High strength-ductility synergy in a laser welded dissimilar joint of CrCoNi medium-entropy alloy and stainless steel

CrCoNi medium-entropy alloy (MEA) and its welded joints has great potential applications in engineering structures since they present superior ultimate tensile strength (UTS) and ductility. However, the mechanical performance of the welded joints of CrCoNi and traditional metal alloys remains mysterious. Here, we applied laser welding to join CrCoNi and stainless steel (SS) 301L to achieve a dissimilar MEA-SS301L joint and investigated its microstructure evolution and mechanical properties. The fusion zone becomes a face-centered cubic single-phase non-equiatomic FeCrCoNi high-entropy alloy (HEA).
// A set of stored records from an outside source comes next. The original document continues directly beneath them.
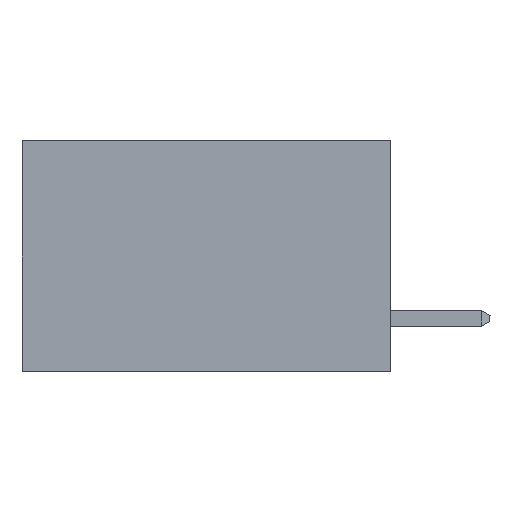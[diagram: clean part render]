
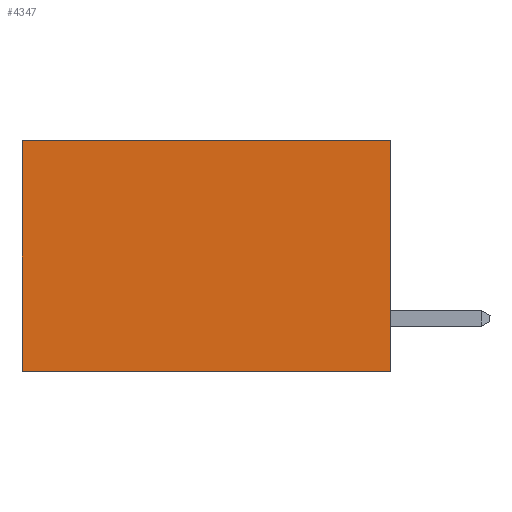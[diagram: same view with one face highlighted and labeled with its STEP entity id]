
A CAD part, left-side view. The second image highlights one B-rep face of the part: STEP entity #4347.
In plain terms, the highlighted planar face has unit normal (-1, 0, 0).
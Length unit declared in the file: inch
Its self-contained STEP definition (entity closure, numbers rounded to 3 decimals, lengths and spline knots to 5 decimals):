
#648 = CARTESIAN_POINT ( 'NONE',  ( 0.277, 0., -0.37 ) ) ;
#679 = CARTESIAN_POINT ( 'NONE',  ( 0.277, 0., -0.37 ) ) ;
#765 = ORIENTED_EDGE ( 'NONE', *, *, #9879, .T. ) ;
#849 = EDGE_CURVE ( 'NONE', #2078, #6580, #5026, .T. ) ;
#889 = DIRECTION ( 'NONE',  ( 0., 0., -1. ) ) ;
#1678 = LINE ( 'NONE', #6914, #10434 ) ;
#2078 = VERTEX_POINT ( 'NONE', #5194 ) ;
#2930 = ORIENTED_EDGE ( 'NONE', *, *, #9737, .T. ) ;
#3099 = DIRECTION ( 'NONE',  ( 0., 0., -1. ) ) ;
#3101 = DIRECTION ( 'NONE',  ( 1., 0., 0. ) ) ;
#3185 = PLANE ( 'NONE',  #4187 ) ;
#3298 = CARTESIAN_POINT ( 'NONE',  ( 0.277, 0., -0.37 ) ) ;
#3814 = CARTESIAN_POINT ( 'NONE',  ( 0.277, 0., 0. ) ) ;
#4187 = AXIS2_PLACEMENT_3D ( 'NONE', #3298, #3101, #3099 ) ;
#4347 = ADVANCED_FACE ( 'NONE', ( #10724 ), #3185, .F. ) ;
#4730 = LINE ( 'NONE', #3814, #6612 ) ;
#5026 = LINE ( 'NONE', #679, #6677 ) ;
#5181 = ORIENTED_EDGE ( 'NONE', *, *, #5679, .F. ) ;
#5194 = CARTESIAN_POINT ( 'NONE',  ( 0.277, 0., 0. ) ) ;
#5550 = DIRECTION ( 'NONE',  ( 0., 1., 0. ) ) ;
#5679 = EDGE_CURVE ( 'NONE', #6580, #5795, #10032, .T. ) ;
#5754 = CARTESIAN_POINT ( 'NONE',  ( 0.277, 0., -0.37 ) ) ;
#5795 = VERTEX_POINT ( 'NONE', #10955 ) ;
#6580 = VERTEX_POINT ( 'NONE', #648 ) ;
#6612 = VECTOR ( 'NONE', #7095, 39.37008 ) ;
#6677 = VECTOR ( 'NONE', #889, 39.37008 ) ;
#6914 = CARTESIAN_POINT ( 'NONE',  ( 0.277, 0.59, -0.37 ) ) ;
#7095 = DIRECTION ( 'NONE',  ( 0., 1., 0. ) ) ;
#7138 = EDGE_LOOP ( 'NONE', ( #2930, #5181, #7357, #765 ) ) ;
#7231 = CARTESIAN_POINT ( 'NONE',  ( 0.277, 0.59, 0. ) ) ;
#7357 = ORIENTED_EDGE ( 'NONE', *, *, #849, .F. ) ;
#7784 = VECTOR ( 'NONE', #5550, 39.37008 ) ;
#8510 = VERTEX_POINT ( 'NONE', #7231 ) ;
#9482 = DIRECTION ( 'NONE',  ( 0., 0., -1. ) ) ;
#9737 = EDGE_CURVE ( 'NONE', #8510, #5795, #1678, .T. ) ;
#9879 = EDGE_CURVE ( 'NONE', #2078, #8510, #4730, .T. ) ;
#10032 = LINE ( 'NONE', #5754, #7784 ) ;
#10434 = VECTOR ( 'NONE', #9482, 39.37008 ) ;
#10724 = FACE_OUTER_BOUND ( 'NONE', #7138, .T. ) ;
#10955 = CARTESIAN_POINT ( 'NONE',  ( 0.277, 0.59, -0.37 ) ) ;

Its UTS and ductility is 482 MPa and 46% at 300K, respectively; and is respectively enhanced to 791 MPa and 59% at 77K. Our dissimilar joint displays a strength-ductility synergy that exceeds that of all other dissimilar HEA joints and most similar HEA joints. Electron backscattered diffraction, transmission electron microscopy and molecular dynamics simulation uncover that extensive dislocation activities, stacking fault networks, deformation twins, and interactivity between dislocations and twin boundaries are the origin of this high strength-ductility synergy in our joint.